Other than food, sea salt is used in cosmetics. But that's something I don't understand at all.


----------



## TonyL

MikeinSC said:


> Tony,
> It can be used wherever you normally would use salt. The biggest differences are that there are no iodine,  no anti-caking or anti-clumping agents. The salt can have a tendency to take on moisture, which is natural for salt to do.
> 
> 
> 
> Other than food, sea salt is used in cosmetics. But that's something I don't understand at all.


 
Thank you for the answer.


----------



## Ed McDonnell

Where do you get the seawater from?  It's really hard to find "clean" coastal waters these days.  I used to go way offshore to the gulfstream to get "clean" water for my coral propagation tanks.  Even then you had to be sure that no cruise ships or tankers had passed down current recently.

Ed


----------



## MikeinSC

I get the water from protected, SC DHEC monitored areas. It is then allowed to settle and is then filtered.

I've also had it tested for appropriate sodium content to ensure it is high enough to discourage bacterial growth. 

I also have multiple certifications in food safety as well, such as Better Process Control, HAACP Manager and ServSafe Instructor. 


While it would be ideal to go off shore, there are still coastal waters that are good.


----------



## Katya

I'm intrigued.. what do you find engaging and satisfying about your hobby?  What do you really dislike about it?


----------



## JimB

I never knew making sea salt was a hobby, or even how it was done. Is it strictly a hobby where you make the salt for personal use or do you sell the salt?


----------



## wyone

I thought sea salt was from the sea..  I guess I learn things all the time.  Is yours different than the store bought?  Is the taste the same?  I never thought I would be curious about Salt, but it appears that I am.


----------



## MikeinSC

I think of it as a hobby because I do it for the sake of making something my own. 

Yes, my salt is different than store bought salt. 

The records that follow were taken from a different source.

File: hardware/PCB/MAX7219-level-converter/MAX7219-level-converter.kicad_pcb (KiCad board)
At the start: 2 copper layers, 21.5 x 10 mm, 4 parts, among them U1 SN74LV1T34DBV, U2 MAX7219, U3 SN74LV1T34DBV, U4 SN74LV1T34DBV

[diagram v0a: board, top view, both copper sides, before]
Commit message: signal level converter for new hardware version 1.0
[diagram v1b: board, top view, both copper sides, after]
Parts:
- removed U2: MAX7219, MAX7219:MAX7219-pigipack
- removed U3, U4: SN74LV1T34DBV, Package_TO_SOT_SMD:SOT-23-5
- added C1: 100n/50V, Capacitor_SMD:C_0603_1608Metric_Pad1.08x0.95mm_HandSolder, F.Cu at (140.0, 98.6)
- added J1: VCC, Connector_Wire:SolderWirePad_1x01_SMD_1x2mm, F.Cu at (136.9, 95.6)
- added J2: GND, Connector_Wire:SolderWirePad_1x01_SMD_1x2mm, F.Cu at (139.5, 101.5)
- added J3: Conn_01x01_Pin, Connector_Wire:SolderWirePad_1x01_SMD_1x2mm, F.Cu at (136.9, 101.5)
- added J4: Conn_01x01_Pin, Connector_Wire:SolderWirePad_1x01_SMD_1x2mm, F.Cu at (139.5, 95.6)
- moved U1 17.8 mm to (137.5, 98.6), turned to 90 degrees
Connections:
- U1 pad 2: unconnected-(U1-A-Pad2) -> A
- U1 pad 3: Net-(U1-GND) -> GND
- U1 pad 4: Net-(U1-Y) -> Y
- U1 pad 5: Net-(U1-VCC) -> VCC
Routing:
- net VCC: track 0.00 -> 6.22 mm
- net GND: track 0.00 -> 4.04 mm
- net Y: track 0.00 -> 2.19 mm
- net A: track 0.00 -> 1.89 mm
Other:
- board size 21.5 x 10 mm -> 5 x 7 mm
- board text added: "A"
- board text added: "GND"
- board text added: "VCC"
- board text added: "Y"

Table salt is mined from the earth, sea salt comes from salt water. Salts that are produced b big corporations like Cargill have to a consistent product without irregularities  so they are heavily processed. 

A small batch, artisinal product will have different flavors and textures. It will change with the seasons and with the trace minerals found in the water. 

Pink Himalayan salt gets its color from iron ore, Celtic grey sea salt gets its color from the clay line salterns that its made in, fleur de sel and flake finishing salts will be light in flavor and texture. 

What I like about it is doing something that isn't really done anymore, especially around here, watching the salt finally fall out of solution and just making something my own. What I dislike about it is spending countless days and driving 100's of miles searching for good place. And waiting. 

I don't sell any of it at this point. I have been putting a plan together and speaking with  the local agencies that would regulate it though. There are some considerable barriers to entry as well with regulations, certifications, facilities, access, transportation, and so on. I feel that with my culinary experience and certain connections, I could get through the barriers.


----------



## MikeinSC

Oh, for those that asked for salt, it was mailed today.


----------



## MikeinSC

If anyone else is interested, I still have salt. I had made a few pounds of it the last go around. 

Just pm me your address.


----------



## lorbay

We have a little company just down the street from us called Vancouver Island Salt Co.
They make some flavored ones also. Very nice.

Lin.


----------



## thewishman

Got mine today. Thank you VERY much!


----------



## MikeinSC

lorbay said:


> We have a little company just down the street from us called Vancouver Island Salt Co.
> They make some flavored ones also. Very nice.
> 
> Lin.



I wouldn't call Andrew Shepherd a small company. He's an inspiration as well.


----------



## MikeinSC

thewishman said:


> Got mine today. Thank you VERY much!



I hope that you like it.


----------



## Old Codger

I'm probably going to overstep a bit here, but what does 'making sea salt' have to do with making pens or wood turning?  I LOVE sea salt and use it often when I cook as I prefer it's taste over regular table salt, but offering it here?  Would think there would be a more appropriate forum to offer this to, but if no one else thinks this a bit odd, why not...  Safe turning to you all!


----------



## thewishman

Old Codger said:


> I'm probably going to overstep a bit here, but what does 'making sea salt' have to do with making pens or wood turning?  I LOVE sea salt and use it often when I cook as I prefer it's taste over regular table salt, but offering it here?  Would think there would be a more appropriate forum to offer this to, but if no one else thinks this a bit odd, why not...  Safe turning to you all!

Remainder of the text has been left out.